According to Rob Enderle, the top tablets in the market are very different from each other. Given the popularity of Apple products, it’s no surprise that the tablet to beat is the iPad 4. However, each of the contenders, including the iPad Mini, Microsoft Surface, Google Nexus 7 and Kindle Fire HD, has unique advantages over the iPad 4.
Click through for a comparison of the top tablets in today’s market.
Of the top tablets, the closest to a business tablet is Microsoft Surface, but since it comes with Office Student Edition, without Outlook or Lync, what would normally be an easy choice may not be. Still, for business, Microsoft Surface has the lead position thanks to Office integration. While it lacks Outlook, the native email and calendaring clients integrate with Exchange. It has 56 of the top 60 apps but is short of the breadth of apps that both Android and iOS offer.
The product is surprisingly good, particularly with the optional mechanical keyboard, which effectively turns it into a touch notebook. The panoramic screen is better for work (you can better line up apps horizontally) and for movies than the iPad, and the screen size is significantly better than the 7-inch offerings. In addition, it has a better port out than the other choices, allowing it to more easily connect with projectors or accessories like a mouse.
Its price, weight and battery life are competitive, but it is the heaviest product in this group and is best on a table or lap and its built-in kickstand helps in this regard. If you want something that can handle work, but where holding the product in your hand for long periods isn’t the primary criteria, this is the top ranked. Rob found the Microsoft Surface to be an ideal size to work in coach on a plane.
The iPad Mini has access to the full application suite on iOS and is the lightest tablet in the group. iOS is the most popular platform in business, which means more apps exist for it than any other offering.
It has two significant shortcomings: It is priced well above competing offerings and it has an inferior display. However, for work, the best app coverage coupled with the lightest carry weight make this the best tablet in the smaller class. You’d pick this over the Microsoft Surface if you primarily need this for smartphone-class apps and light email, but be aware there is likely to be a significant pricing action (discount) or display upgrade in the next 6 months.
The second biggest advantage for this tablet is the weight and for a product used to read manuals, books or watch videos in your hand, this product is nearly unmatched. Add to this the Apple-curated App Store, which creates a stronger resilience to malware, and in the 7-inch class this is likely your best choice for business.

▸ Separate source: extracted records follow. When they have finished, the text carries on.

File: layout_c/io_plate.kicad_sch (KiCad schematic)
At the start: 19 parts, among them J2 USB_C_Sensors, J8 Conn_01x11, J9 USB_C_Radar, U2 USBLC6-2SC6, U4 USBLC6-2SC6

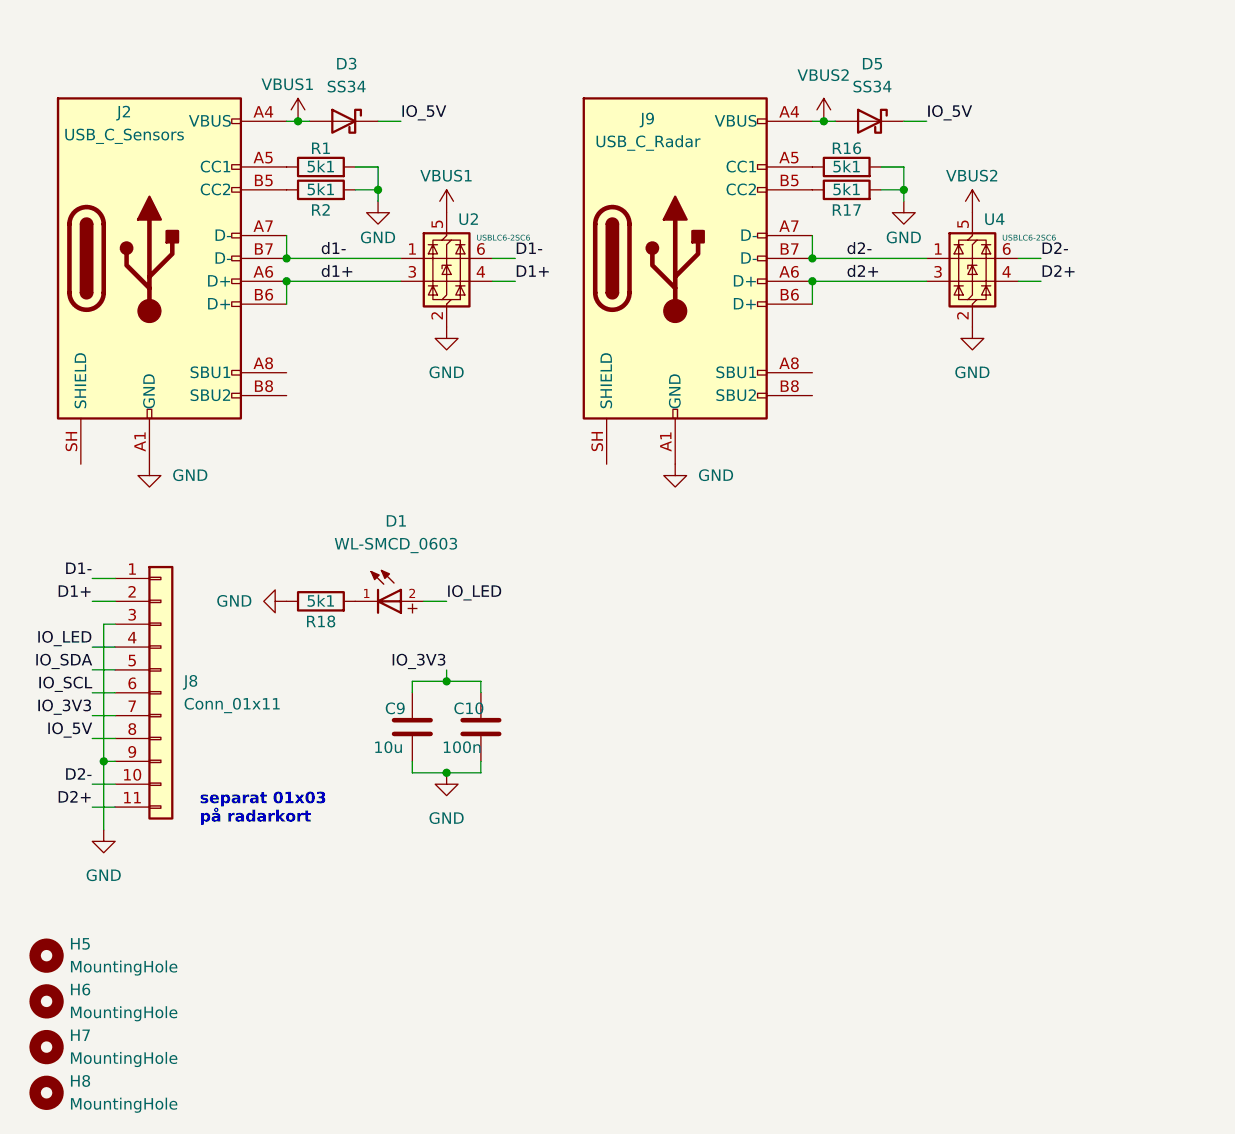
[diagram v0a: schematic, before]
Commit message: Updated usb footprints on layout C
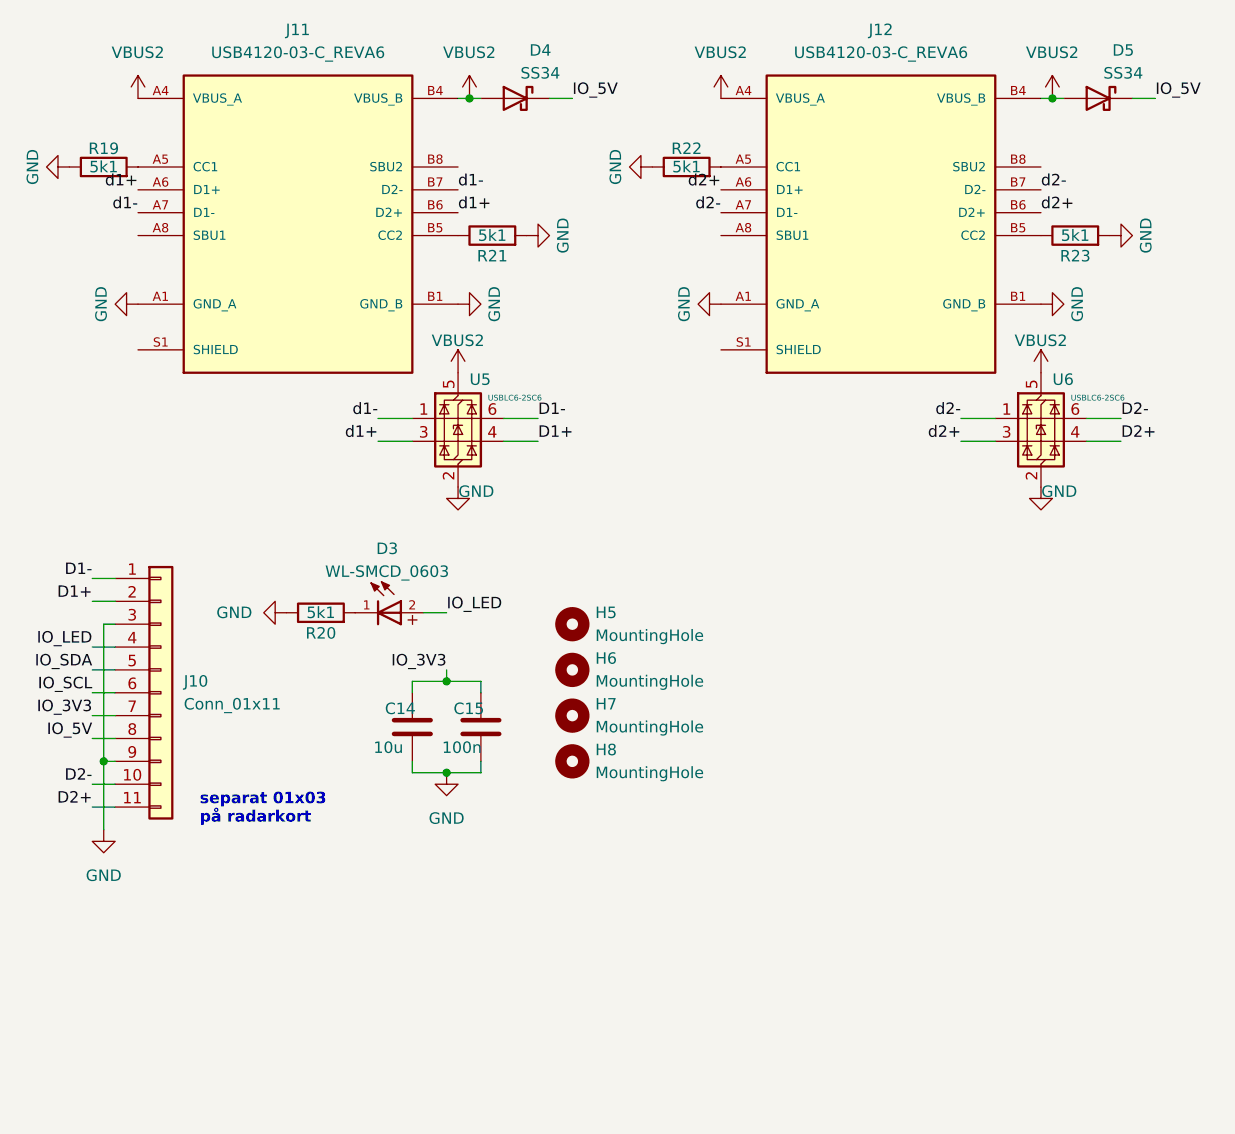
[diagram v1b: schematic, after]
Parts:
- removed D3: SS34, Diode_SMD:D_SMA, symbol Diode:SS34
- removed J2: USB_C_Sensors, Connector_USB:USB_C_Receptacle_G-Switch_GT-USB-7051x, symbol Connector:USB_C_Receptacle_USB2.0_16P
- removed J9: USB_C_Radar, Connector_USB:USB_C_Receptacle_G-Switch_GT-USB-7051x, symbol Connector:USB_C_Receptacle_USB2.0_16P
- removed R1, R16, R17, R2: 5k1, Resistor_SMD:R_0805_2012Metric, symbol Device:R
- removed U2: USBLC6-2SC6, Package_TO_SOT_SMD:SOT-23-6, symbol Power_Protection:USBLC6-2SC6
- added D4: SS34, Diode_SMD:D_SMA, symbol Diode:SS34
- added J11, J12: USB4120-03-C_REVA6, Library:GCT_USB4120-03-C_REVA6, symbol Library:USB4120-03-C_REVA6
- added R19, R21, R22, R23: 5k1, Resistor_SMD:R_0805_2012Metric, symbol Device:R
- added U5: USBLC6-2SC6, Package_TO_SOT_SMD:SOT-23-6, symbol Power_Protection:USBLC6-2SC6
- renumbered C9 to C14, C10 to C15, D1 to D3, J8 to J10, R18 to R20, U4 to U6
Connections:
- net D1+: now also U5.4 (I/O2)
- net D1-: now also U5.6 (I/O1)
- net GND: now also J11.A1 (GND_A), J11.A12 (GND_A), J11.B1 (GND_B), J11.B12 (GND_B), J12.A1 (GND_A), J12.A12 (GND_A), J12.B1 (GND_B), J12.B12 (GND_B), R19.1, R21.2, R22.1, R23.2, U5.2 (GND)
- net IO_5V: now also D4.1 (K)
- net VBUS2: now also D4.2 (A), J11.A4 (VBUS_A), J11.A9 (VBUS_A), J11.B4 (VBUS_B), J11.B9 (VBUS_B), J12.A4 (VBUS_A), J12.A9 (VBUS_A), J12.B4 (VBUS_B), J12.B9 (VBUS_B), U5.5 (VBUS)
- net d1+: now also J11.A6 (D1+), J11.B6 (D2+), U5.3 (I/O2)
- net d1-: now also J11.A7 (D1-), J11.B7 (D2-), U5.1 (I/O1)
- net d2+: now also J12.A6 (D1+), J12.B6 (D2+)
- net d2-: now also J12.A7 (D1-), J12.B7 (D2-)
- new net: J12.A5 (CC1), R22.2
- new net: J12.B5 (CC2), R23.1
- new net: J12.S1 (SHIELD), J12.S2 (SHIELD), J12.S3 (SHIELD), J12.S4 (SHIELD)
- new net: J11.A5 (CC1), R19.2
- new net: J11.B5 (CC2), R21.1
- new net: J11.S1 (SHIELD), J11.S2 (SHIELD), J11.S3 (SHIELD), J11.S4 (SHIELD)
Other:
- moved on the sheet: D3, H5, H6, H7, H8, R20, U6

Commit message: Layout C adjusted
switched to 4 layer stack
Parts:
- J10: footprint Connector_JST:JST_EH_B11B-EH-A_1x11_P2.50mm_Vertical -> Connector_JST:JST_XH_B11B-XH-A_1x11_P2.50mm_Vertical
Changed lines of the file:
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@@
 			)
 		)
-		(property "Footprint" "Connector_JST:JST_EH_B11B-EH-A_1x11_P2.50mm_Vertical"
+		(property "Footprint" "Connector_JST:JST_XH_B11B-XH-A_1x11_P2.50mm_Vertical"
 			(at 30.48 88.9 0)
 			(hide yes)

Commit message: Design improvements
started implementation of usb-c breakout board
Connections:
- net D1+: now also U5.3 (I/O2); no longer U5.4 (I/O2)
- net D1-: now also U5.1 (I/O1); no longer U5.6 (I/O1)
- net D2+: now also U6.3 (I/O2); no longer U6.4 (I/O2)
- net D2-: now also U6.1 (I/O1); no longer U6.6 (I/O1)
- net d1+: now also U5.4 (I/O2); no longer U5.3 (I/O2)
- net d1-: now also U5.6 (I/O1); no longer U5.1 (I/O1)
- net d2+: now also U6.4 (I/O2); no longer U6.3 (I/O2)
- net d2-: now also U6.6 (I/O1); no longer U6.1 (I/O1)
- net VBUS2 renamed VBUS1
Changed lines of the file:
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@@
 		)
 	)
-	(label "d2+"
+	(label "D2+"
 		(at 119.38 60.96 180)
 		(effects
@@
 		)
 	)
-	(label "D2-"
+	(label "d2-"
 		(at 137.16 58.42 0)
 		(effects
@@
 		)
 	)
-	(label "d2-"
+	(label "D2-"
 		(at 119.38 58.42 180)
 		(effects
@@
 		)
 	)
-	(label "D1+"
+	(label "d1+"
 		(at 72.39 60.96 0)
 		(effects
@@
 		)
 	)
-	(label "D1-"
+	(label "d1-"
 		(at 72.39 58.42 0)
 		(effects
@@
 		)
 	)
-	(label "d1+"
+	(label "D1+"
 		(at 54.61 60.96 180)
 		(effects
@@
 		)
 	)
-	(label "d1-"
+	(label "D1-"
 		(at 54.61 58.42 180)
 		(effects
@@
 		)
 	)
-	(label "D2+"
+	(label "d2+"
 		(at 137.16 60.96 0)
 		(effects
@@
 			)
 		)
-		(property "Value" "VBUS2"
+		(property "Value" "VBUS1"
 			(at 27.94 17.78 0)
 			(show_name no)
@@
 			)
 		)
-		(property "Value" "VBUS2"
+		(property "Value" "VBUS1"
 			(at 64.77 17.78 0)
 			(show_name no)
@@
 			)
 		)
-		(property "Value" "VBUS2"
+		(property "Value" "VBUS1"
 			(at 63.5 49.784 0)
 			(show_name no)

What gives the Kindle Fire HD the edge over the Nexus 7 is a tighter connection to the curated store that Amazon provides. It is offered at a dramatically lower price than the iPad Mini and with a solid connection to a variety of Amazon’s online services. Be aware this isn’t a true Android offering anymore and that likely shortens the number of available apps.
This product is optimized for reading and the Kindle reader implementation is vastly stronger in this product than in the Kindle app available in the other offerings. One key feature is X-Ray, which can find the critical information in a publication very quickly, allowing you to find or revisit key points very quickly. Documents in PDF form can easily be transferred to the device wirelessly and read easily.
The Nexus 7 is arguably the best Android tablet in the market in terms of value for the money. It has a strong display, light carry weight and aggressive price. It has the second largest app store, and there are plenty of business apps to use. However, Android has been red-flagged by an increasing number of security firms as simply too vulnerable to malware and that creates simply too much exposure for business or personal use. In addition, Google’s privacy record is far worse than the other solution providers, making this product one we would have trouble recommending for personal use, let alone for business.
The iPad 4 is a marginal improvement over the iPad 3, but it represents the thinking that created the new tablet market. This thinking has at its core the belief that tablets should be used in conjunction with a laptop. As a result, in this class, the iPad Mini is better because it is a better addition to a laptop than its larger sibling.
The Microsoft Surface product is by far the best laptop replacement product in segment and if you want something smaller to read with, it pairs well with the Kindle Paper White eReader (because it is vastly lighter and cheaper than a full tablet, and ePaper is better for reading).
Now if you are buying one of these as a gift, Rob would personally recommend either the Amazon Kindle as the best value in the 7-inch class, the safest, and in contention for easiest to use, or the Surface tablet instead of a small notebook. Good luck!